◆ **INPUT MATERIAL**
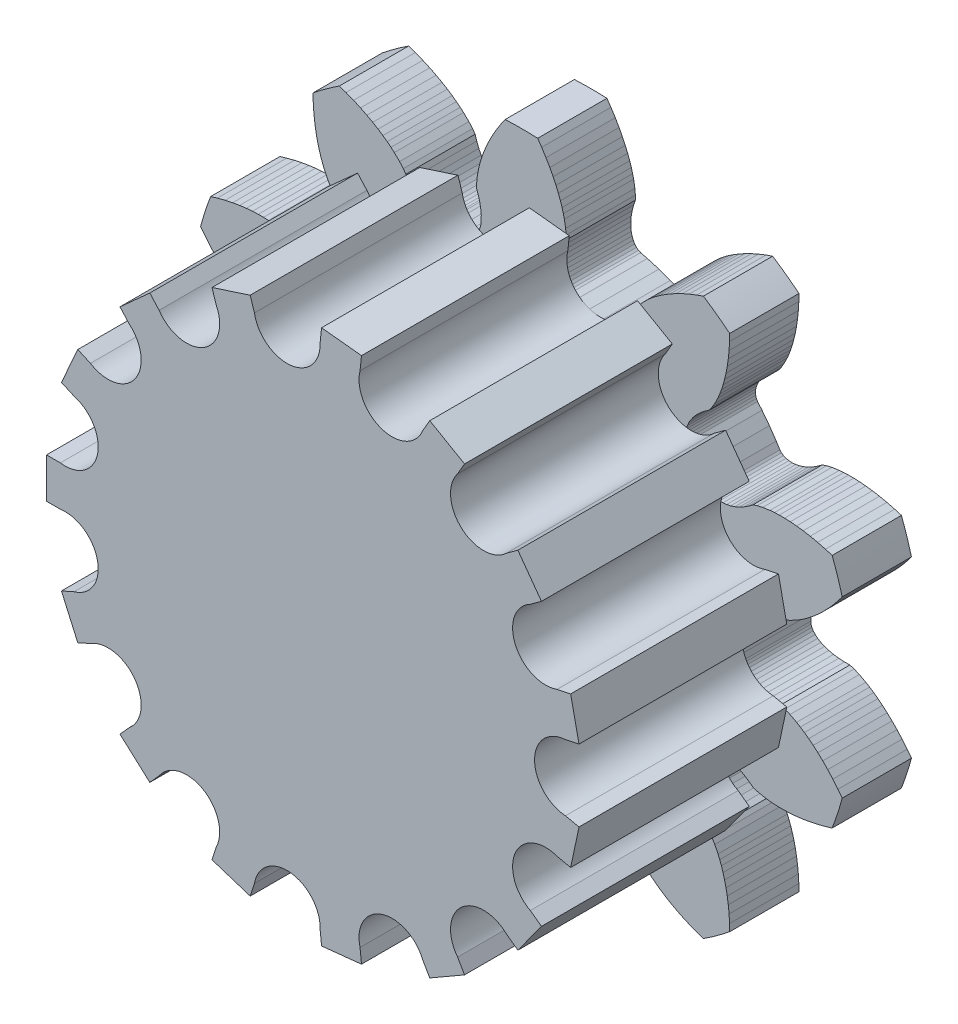
SolidWorks part; units mm, degrees
ref_plane "Front Plane" through (0, 0, 0) normal (0, 0, 1) x (1, 0, 0)
ref_plane "Top Plane" through (0, 0, 0) normal (0, 1, 0) x (1, 0, 0)
ref_plane "Right Plane" through (0, 0, 0) normal (1, 0, 0) x (0, 0, -1)
sketch "Model" plane through (0, 0, 0) normal (0, 0, 1) x (1, 0, 0)
  line L0 (44.9714, -18.1936) -> (45.0072, -17.6135)
  line L1 (45.0072, -17.6135) -> (45.064, -17.0676)
  line L2 (45.064, -17.0676) -> (45.1386, -16.5586)
  line L3 (45.1386, -16.5586) -> (45.2286, -16.0837)
  line L4 (45.2286, -16.0837) -> (45.3307, -15.6464)
  line L5 (45.3307, -15.6464) -> (45.4422, -15.245)
  line L6 (45.4422, -15.245) -> (45.5601, -14.8808)
  line L7 (45.5601, -14.8808) -> (45.6817, -14.5526)
  line L8 (45.6817, -14.5526) -> (45.8046, -14.2592)
  line L9 (45.8046, -14.2592) -> (46.0415, -13.7787)
  line L10 (46.0415, -13.7787) -> (46.2493, -13.433)
  line L11 (46.2493, -13.433) -> (46.4387, -13.1745)
  line L12 (46.4387, -13.1745) -> (46.7566, -12.9496)
  line L13 (46.7566, -12.9496) -> (47.0768, -12.6883)
  line L14 (47.0768, -12.6883) -> (47.3522, -12.4243)
  line L15 (47.3522, -12.4243) -> (47.5834, -12.1609)
  line L16 (47.5834, -12.1609) -> (47.7708, -11.9014)
  line L17 (47.7708, -11.9014) -> (47.9153, -11.6488)
  line L18 (47.9153, -11.6488) -> (48.0178, -11.4063)
  line L19 (48.0178, -11.4063) -> (48.0795, -11.177)
  line L20 (48.0795, -11.177) -> (48.1017, -10.9637)
  line L21 (48.1017, -10.9637) -> (48.086, -10.7695)
  line L22 (48.086, -10.7695) -> (48.034, -10.597)
  line L23 (48.034, -10.597) -> (47.9475, -10.4489)
  line L24 (47.9475, -10.4489) -> (47.6302, -10.0694)
  line L25 (47.6302, -10.0694) -> (47.0962, -9.3752)
  line L26 (47.0962, -9.3752) -> (46.601, -8.6528)
  line L27 (46.601, -8.6528) -> (46.3381, -8.2337)
  line L28 (46.3381, -8.2337) -> (46.224, -8.1057)
  line L29 (46.224, -8.1057) -> (46.076, -8.0029)
  line L30 (46.076, -8.0029) -> (45.8961, -7.9279)
  line L31 (45.8961, -7.9279) -> (45.6864, -7.8832)
  line L32 (45.6864, -7.8832) -> (45.4493, -7.871)
  line L33 (45.4493, -7.871) -> (45.187, -7.8936)
  line L34 (45.187, -7.8936) -> (44.9021, -7.9529)
  line L35 (44.9021, -7.9529) -> (44.5973, -8.051)
  line L36 (44.5973, -8.051) -> (44.2754, -8.1894)
  line L37 (44.2754, -8.1894) -> (43.9392, -8.3698)
  line L38 (43.9392, -8.3698) -> (43.5918, -8.5936)
  line L39 (43.5918, -8.5936) -> (43.2796, -8.8264)
  line L40 (43.2796, -8.8264) -> (42.9752, -8.9266)
  line L41 (42.9752, -8.9266) -> (42.5822, -9.0175)
  line L42 (42.5822, -9.0175) -> (42.052, -9.0943)
  line L43 (42.052, -9.0943) -> (41.735, -9.1205)
  line L44 (41.735, -9.1205) -> (41.3854, -9.1348)
  line L45 (41.3854, -9.1348) -> (41.0026, -9.1343)
  line L46 (41.0026, -9.1343) -> (40.5863, -9.1164)
  line L47 (40.5863, -9.1164) -> (40.1389, -9.0783)
  line L48 (40.1389, -9.0783) -> (39.6594, -9.0172)
  line L49 (39.6594, -9.0172) -> (39.1523, -8.9308)
  line L50 (39.1523, -8.9308) -> (38.6155, -8.8161)
  line L51 (38.6155, -8.8161) -> (38.0528, -8.671)
  line L52 (38.0528, -8.671) -> (37.565, -8.5243)
  line L53 (36.8392, -6.2906) -> (37.1476, -5.8853)
  line L54 (37.1476, -5.8853) -> (37.5176, -5.4371)
  line L55 (37.5176, -5.4371) -> (37.8845, -5.0288)
  line L56 (37.8845, -5.0288) -> (38.244, -4.6608)
  line L57 (38.244, -4.6608) -> (38.596, -4.3295)
  line L58 (38.596, -4.3295) -> (38.9355, -4.0358)
  line L59 (38.9355, -4.0358) -> (39.2618, -3.7766)
  line L60 (39.2618, -3.7766) -> (39.5712, -3.5512)
  line L61 (39.5712, -3.5512) -> (39.8624, -3.3572)
  line L62 (39.8624, -3.3572) -> (40.1343, -3.1921)
  line L63 (40.1343, -3.1921) -> (40.6084, -2.9426)
  line L64 (40.6084, -2.9426) -> (40.9797, -2.7851)
  line L65 (40.9797, -2.7851) -> (41.2849, -2.6873)
  line L66 (41.2849, -2.6873) -> (41.6743, -2.6921)
  line L67 (41.6743, -2.6921) -> (42.0869, -2.669)
  line L68 (42.0869, -2.669) -> (42.4649, -2.6173)
  line L69 (42.4649, -2.6173) -> (42.8067, -2.5401)
  line L70 (42.8067, -2.5401) -> (43.1109, -2.4403)
  line L71 (43.1109, -2.4403) -> (43.3763, -2.3209)
  line L72 (43.3763, -2.3209) -> (43.6018, -2.1849)
  line L73 (43.6018, -2.1849) -> (43.7865, -2.0357)
  line L74 (43.7865, -2.0357) -> (43.9298, -1.8762)
  line L75 (43.9298, -1.8762) -> (44.0312, -1.7098)
  line L76 (44.0312, -1.7098) -> (44.0905, -1.5397)
  line L77 (44.0905, -1.5397) -> (44.1076, -1.369)
  line L78 (44.1076, -1.369) -> (44.074, -0.8755)
  line L79 (44.074, -0.8755) -> (44.05, 0)
  line L80 (44.05, 0) -> (44.074, 0.8755)
  line L81 (44.074, 0.8755) -> (44.1076, 1.369)
  line L82 (44.1076, 1.369) -> (44.0905, 1.5397)
  line L83 (44.0905, 1.5397) -> (44.0312, 1.7098)
  line L84 (44.0312, 1.7098) -> (43.9298, 1.8762)
  line L85 (43.9298, 1.8762) -> (43.7865, 2.0357)
  line L86 (43.7865, 2.0357) -> (43.6018, 2.1849)
  line L87 (43.6018, 2.1849) -> (43.3763, 2.3209)
  line L88 (43.3763, 2.3209) -> (43.1109, 2.4403)
  line L89 (43.1109, 2.4403) -> (42.8067, 2.5401)
  line L90 (42.8067, 2.5401) -> (42.4649, 2.6173)
  line L91 (42.4649, 2.6173) -> (42.0869, 2.669)
  line L92 (42.0869, 2.669) -> (41.6743, 2.6921)
  line L93 (41.6743, 2.6921) -> (41.2849, 2.6873)
  line L94 (41.2849, 2.6873) -> (40.9797, 2.7851)
  line L95 (40.9797, 2.7851) -> (40.6084, 2.9426)
  line L96 (40.6084, 2.9426) -> (40.1343, 3.1921)
  line L97 (40.1343, 3.1921) -> (39.8624, 3.3572)
  line L98 (39.8624, 3.3572) -> (39.5712, 3.5512)
  line L99 (39.5712, 3.5512) -> (39.2618, 3.7766)
  line L100 (39.2618, 3.7766) -> (38.9355, 4.0358)
  line L101 (38.9355, 4.0358) -> (38.596, 4.3295)
  line L102 (38.596, 4.3295) -> (38.244, 4.6608)
  line L103 (38.244, 4.6608) -> (37.8845, 5.0288)
  line L104 (37.8845, 5.0288) -> (37.5176, 5.4371)
  line L105 (37.5176, 5.4371) -> (37.1476, 5.8853)
  line L106 (37.1476, 5.8853) -> (36.8392, 6.2906)
  line L107 (37.565, 8.5243) -> (38.0528, 8.671)
  line L108 (38.0528, 8.671) -> (38.6155, 8.8161)
  line L109 (38.6155, 8.8161) -> (39.1523, 8.9308)
  line L110 (39.1523, 8.9308) -> (39.6594, 9.0172)
  line L111 (39.6594, 9.0172) -> (40.1389, 9.0783)
  line L112 (40.1389, 9.0783) -> (40.5863, 9.1164)
  line L113 (40.5863, 9.1164) -> (41.0026, 9.1343)
  line L114 (41.0026, 9.1343) -> (41.3854, 9.1348)
  line L115 (41.3854, 9.1348) -> (41.735, 9.1205)
  line L116 (41.735, 9.1205) -> (42.052, 9.0943)
  line L117 (42.052, 9.0943) -> (42.5822, 9.0175)
  line L118 (42.5822, 9.0175) -> (42.9752, 8.9266)
  line L119 (42.9752, 8.9266) -> (43.2796, 8.8264)
  line L120 (43.2796, 8.8264) -> (43.5918, 8.5936)
  line L121 (43.5918, 8.5936) -> (43.9392, 8.3698)
  line L122 (43.9392, 8.3698) -> (44.2754, 8.1894)
  line L123 (44.2754, 8.1894) -> (44.5973, 8.051)
  line L124 (44.5973, 8.051) -> (44.9021, 7.9529)
  line L125 (44.9021, 7.9529) -> (45.187, 7.8936)
  line L126 (45.187, 7.8936) -> (45.4493, 7.871)
  line L127 (45.4493, 7.871) -> (45.6864, 7.8832)
  line L128 (45.6864, 7.8832) -> (45.8961, 7.9279)
  line L129 (45.8961, 7.9279) -> (46.076, 8.0029)
  line L130 (46.076, 8.0029) -> (46.224, 8.1057)
  line L131 (46.224, 8.1057) -> (46.3381, 8.2337)
  line L132 (46.3381, 8.2337) -> (46.601, 8.6528)
  line L133 (46.601, 8.6528) -> (47.0962, 9.3752)
  line L134 (47.0962, 9.3752) -> (47.6302, 10.0694)
  line L135 (47.6302, 10.0694) -> (47.9475, 10.4489)
  line L136 (47.9475, 10.4489) -> (48.034, 10.597)
  line L137 (48.034, 10.597) -> (48.086, 10.7695)
  line L138 (48.086, 10.7695) -> (48.1017, 10.9637)
  line L139 (48.1017, 10.9637) -> (48.0795, 11.177)
  line L140 (48.0795, 11.177) -> (48.0178, 11.4063)
  line L141 (48.0178, 11.4063) -> (47.9153, 11.6488)
  line L142 (47.9153, 11.6488) -> (47.7708, 11.9014)
  line L143 (47.7708, 11.9014) -> (47.5834, 12.1609)
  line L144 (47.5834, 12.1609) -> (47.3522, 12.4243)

◆ **THE PROBLEM**
Taking the entries above, restate exactly those lines that fall between the line with "line L63 (40.1343, -3.1921)" and the line with "line L70 (42.8067, -2.5401)", keeping both of those lines too.

◆ **ANSWER BOX**
  line L63 (40.1343, -3.1921) -> (40.6084, -2.9426)
  line L64 (40.6084, -2.9426) -> (40.9797, -2.7851)
  line L65 (40.9797, -2.7851) -> (41.2849, -2.6873)
  line L66 (41.2849, -2.6873) -> (41.6743, -2.6921)
  line L67 (41.6743, -2.6921) -> (42.0869, -2.669)
  line L68 (42.0869, -2.669) -> (42.4649, -2.6173)
  line L69 (42.4649, -2.6173) -> (42.8067, -2.5401)
  line L70 (42.8067, -2.5401) -> (43.1109, -2.4403)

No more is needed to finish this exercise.